Could you set down exactly the lines in the records below between the line holding "and pattern name" and the line holding "h.set_pattern_fill('N-ONG-01', color=256, scale=200)", inclusive?

[Provided information Boundary: Start]

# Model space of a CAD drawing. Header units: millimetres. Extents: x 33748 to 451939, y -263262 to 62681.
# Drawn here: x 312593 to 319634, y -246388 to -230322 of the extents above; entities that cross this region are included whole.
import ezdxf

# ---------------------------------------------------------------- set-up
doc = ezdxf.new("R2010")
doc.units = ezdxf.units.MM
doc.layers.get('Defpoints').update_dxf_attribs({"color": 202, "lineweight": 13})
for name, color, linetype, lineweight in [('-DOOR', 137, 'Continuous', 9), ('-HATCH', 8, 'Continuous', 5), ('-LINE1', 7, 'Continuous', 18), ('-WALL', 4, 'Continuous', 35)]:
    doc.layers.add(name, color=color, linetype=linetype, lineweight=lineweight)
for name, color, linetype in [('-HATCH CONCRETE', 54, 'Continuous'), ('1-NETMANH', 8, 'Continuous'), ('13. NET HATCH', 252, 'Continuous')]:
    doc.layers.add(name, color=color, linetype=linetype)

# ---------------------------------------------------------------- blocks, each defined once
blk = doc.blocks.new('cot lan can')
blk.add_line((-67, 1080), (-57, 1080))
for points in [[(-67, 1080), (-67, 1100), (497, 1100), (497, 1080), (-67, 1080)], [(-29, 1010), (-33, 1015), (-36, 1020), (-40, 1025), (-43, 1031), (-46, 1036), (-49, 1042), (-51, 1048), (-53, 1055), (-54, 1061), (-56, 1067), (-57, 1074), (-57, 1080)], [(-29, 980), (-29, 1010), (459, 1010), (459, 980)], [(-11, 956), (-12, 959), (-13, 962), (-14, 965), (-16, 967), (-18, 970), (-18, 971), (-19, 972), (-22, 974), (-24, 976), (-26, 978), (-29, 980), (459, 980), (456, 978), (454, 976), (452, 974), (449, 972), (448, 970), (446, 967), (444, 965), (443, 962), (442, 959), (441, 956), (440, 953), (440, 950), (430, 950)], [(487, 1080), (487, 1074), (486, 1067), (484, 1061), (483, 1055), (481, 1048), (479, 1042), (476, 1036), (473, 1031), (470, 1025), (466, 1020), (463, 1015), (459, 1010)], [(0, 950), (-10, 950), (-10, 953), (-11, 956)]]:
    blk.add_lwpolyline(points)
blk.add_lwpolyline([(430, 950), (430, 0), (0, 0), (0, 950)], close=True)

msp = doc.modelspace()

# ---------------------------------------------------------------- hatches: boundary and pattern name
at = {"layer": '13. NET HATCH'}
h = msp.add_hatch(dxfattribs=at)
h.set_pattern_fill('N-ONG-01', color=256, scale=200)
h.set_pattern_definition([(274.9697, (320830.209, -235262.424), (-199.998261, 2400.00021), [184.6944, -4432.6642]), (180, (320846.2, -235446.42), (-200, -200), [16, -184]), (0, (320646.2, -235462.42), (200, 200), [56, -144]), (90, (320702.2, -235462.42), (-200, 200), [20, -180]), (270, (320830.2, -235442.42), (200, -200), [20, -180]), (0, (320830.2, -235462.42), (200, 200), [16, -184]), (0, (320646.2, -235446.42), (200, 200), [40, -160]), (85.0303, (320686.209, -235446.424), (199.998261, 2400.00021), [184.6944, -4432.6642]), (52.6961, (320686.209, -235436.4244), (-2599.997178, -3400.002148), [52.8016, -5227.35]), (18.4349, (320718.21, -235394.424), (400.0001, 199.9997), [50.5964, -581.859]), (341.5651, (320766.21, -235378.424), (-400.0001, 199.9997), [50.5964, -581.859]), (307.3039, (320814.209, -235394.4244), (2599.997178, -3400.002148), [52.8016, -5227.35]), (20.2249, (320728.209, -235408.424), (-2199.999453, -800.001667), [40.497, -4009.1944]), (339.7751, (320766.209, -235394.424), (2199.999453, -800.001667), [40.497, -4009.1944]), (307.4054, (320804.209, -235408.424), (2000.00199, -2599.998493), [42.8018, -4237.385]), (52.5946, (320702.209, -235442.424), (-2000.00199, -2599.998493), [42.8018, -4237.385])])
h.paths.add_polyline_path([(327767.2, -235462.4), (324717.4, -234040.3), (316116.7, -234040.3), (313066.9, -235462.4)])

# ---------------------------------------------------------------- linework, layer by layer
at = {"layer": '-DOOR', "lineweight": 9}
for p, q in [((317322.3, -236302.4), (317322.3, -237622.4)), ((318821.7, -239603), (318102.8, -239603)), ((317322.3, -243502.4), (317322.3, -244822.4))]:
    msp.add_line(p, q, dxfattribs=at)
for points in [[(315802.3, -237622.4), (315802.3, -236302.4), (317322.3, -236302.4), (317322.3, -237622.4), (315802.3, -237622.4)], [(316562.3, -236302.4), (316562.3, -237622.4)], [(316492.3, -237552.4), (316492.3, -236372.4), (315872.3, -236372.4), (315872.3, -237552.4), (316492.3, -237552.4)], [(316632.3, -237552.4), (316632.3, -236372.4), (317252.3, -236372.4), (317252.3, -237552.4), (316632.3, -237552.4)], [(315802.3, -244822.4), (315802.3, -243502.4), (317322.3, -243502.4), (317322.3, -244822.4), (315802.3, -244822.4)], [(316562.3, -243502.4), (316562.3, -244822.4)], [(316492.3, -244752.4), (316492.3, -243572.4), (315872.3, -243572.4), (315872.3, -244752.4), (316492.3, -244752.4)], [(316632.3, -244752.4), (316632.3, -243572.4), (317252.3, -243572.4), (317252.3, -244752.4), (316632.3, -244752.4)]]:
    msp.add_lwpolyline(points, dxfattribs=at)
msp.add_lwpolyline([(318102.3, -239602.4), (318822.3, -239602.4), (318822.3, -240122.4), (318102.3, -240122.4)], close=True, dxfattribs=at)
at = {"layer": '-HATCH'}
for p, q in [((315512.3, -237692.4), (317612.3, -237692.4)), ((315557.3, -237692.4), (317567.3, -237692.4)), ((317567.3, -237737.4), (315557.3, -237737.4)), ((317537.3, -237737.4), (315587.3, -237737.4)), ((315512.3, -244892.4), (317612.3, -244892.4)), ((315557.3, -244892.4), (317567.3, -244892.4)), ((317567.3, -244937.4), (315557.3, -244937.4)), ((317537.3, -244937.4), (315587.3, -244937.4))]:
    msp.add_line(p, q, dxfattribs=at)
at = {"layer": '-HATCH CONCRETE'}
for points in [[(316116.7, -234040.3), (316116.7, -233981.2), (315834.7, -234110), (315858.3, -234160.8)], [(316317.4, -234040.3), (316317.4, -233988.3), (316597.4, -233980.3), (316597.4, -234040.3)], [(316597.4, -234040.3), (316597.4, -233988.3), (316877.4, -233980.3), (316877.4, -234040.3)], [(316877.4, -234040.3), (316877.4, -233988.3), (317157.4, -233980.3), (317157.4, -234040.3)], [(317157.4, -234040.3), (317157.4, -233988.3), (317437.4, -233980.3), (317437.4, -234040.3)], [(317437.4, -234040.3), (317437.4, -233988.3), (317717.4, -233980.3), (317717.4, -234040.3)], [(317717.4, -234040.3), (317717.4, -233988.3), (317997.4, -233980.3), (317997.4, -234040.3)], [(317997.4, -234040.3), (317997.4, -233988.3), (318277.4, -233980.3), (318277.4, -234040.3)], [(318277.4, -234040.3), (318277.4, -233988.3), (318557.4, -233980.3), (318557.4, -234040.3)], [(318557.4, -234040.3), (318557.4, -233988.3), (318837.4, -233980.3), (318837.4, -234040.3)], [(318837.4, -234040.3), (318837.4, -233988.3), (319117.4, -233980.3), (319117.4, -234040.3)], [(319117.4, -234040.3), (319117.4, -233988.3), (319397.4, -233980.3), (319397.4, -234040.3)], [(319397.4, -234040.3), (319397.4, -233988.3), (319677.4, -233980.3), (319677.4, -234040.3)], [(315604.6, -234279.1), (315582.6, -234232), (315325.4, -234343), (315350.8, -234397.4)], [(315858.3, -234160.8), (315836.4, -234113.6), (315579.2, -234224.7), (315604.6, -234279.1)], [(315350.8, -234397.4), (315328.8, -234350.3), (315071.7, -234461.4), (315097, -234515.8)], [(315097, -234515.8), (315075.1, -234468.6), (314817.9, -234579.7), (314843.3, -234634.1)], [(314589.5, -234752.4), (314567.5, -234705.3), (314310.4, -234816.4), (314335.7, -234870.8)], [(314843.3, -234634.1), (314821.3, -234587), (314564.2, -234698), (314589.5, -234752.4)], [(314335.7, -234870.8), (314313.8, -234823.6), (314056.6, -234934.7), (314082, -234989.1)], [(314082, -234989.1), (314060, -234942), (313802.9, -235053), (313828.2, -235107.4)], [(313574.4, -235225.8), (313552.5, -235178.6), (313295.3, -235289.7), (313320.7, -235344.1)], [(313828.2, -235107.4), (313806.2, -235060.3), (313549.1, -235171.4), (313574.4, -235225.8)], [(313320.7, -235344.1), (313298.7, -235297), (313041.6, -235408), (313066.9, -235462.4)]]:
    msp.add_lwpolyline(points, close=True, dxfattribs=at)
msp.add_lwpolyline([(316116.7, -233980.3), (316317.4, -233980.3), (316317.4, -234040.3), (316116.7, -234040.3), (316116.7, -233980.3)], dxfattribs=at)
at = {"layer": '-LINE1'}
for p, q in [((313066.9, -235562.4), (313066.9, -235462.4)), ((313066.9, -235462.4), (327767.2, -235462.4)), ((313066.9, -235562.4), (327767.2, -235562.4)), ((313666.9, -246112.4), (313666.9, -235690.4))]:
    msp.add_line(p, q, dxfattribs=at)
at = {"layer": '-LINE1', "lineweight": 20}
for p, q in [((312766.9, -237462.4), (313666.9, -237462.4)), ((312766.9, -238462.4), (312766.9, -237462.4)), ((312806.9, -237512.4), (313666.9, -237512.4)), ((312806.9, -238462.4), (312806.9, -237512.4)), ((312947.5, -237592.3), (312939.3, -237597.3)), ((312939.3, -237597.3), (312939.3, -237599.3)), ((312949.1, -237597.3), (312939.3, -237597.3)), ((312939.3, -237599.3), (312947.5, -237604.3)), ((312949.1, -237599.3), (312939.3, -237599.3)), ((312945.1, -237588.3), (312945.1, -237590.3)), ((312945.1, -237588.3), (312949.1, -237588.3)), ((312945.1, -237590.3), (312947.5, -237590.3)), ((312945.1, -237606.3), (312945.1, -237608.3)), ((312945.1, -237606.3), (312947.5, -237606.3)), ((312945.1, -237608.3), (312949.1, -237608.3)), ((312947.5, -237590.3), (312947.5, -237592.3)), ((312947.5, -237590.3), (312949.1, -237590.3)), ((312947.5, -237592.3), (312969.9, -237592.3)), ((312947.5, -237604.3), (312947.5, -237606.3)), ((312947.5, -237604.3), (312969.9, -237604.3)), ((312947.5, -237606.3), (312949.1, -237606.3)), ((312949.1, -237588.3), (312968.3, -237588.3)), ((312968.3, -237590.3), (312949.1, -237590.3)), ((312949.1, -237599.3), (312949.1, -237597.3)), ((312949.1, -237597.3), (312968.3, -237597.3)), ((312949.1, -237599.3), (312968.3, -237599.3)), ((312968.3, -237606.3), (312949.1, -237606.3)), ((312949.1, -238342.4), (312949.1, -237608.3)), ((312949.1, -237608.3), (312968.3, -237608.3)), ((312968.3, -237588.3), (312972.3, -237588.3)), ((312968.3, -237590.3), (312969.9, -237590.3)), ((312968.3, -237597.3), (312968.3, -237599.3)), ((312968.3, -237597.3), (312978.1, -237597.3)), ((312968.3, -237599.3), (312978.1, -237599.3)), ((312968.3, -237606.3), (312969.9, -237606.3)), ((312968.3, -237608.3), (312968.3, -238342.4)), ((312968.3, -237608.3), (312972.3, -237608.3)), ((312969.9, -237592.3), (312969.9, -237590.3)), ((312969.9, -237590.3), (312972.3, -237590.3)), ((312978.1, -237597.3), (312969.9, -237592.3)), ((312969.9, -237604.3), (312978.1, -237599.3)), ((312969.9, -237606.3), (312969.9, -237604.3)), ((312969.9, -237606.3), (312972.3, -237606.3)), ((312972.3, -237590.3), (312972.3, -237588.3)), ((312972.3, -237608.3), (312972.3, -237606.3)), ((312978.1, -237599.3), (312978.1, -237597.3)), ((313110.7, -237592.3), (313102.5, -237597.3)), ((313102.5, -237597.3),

[Provided information Boundary: End]

The completed task -
# ---------------------------------------------------------------- hatches: boundary and pattern name
at = {"layer": '13. NET HATCH'}
h = msp.add_hatch(dxfattribs=at)
h.set_pattern_fill('N-ONG-01', color=256, scale=200)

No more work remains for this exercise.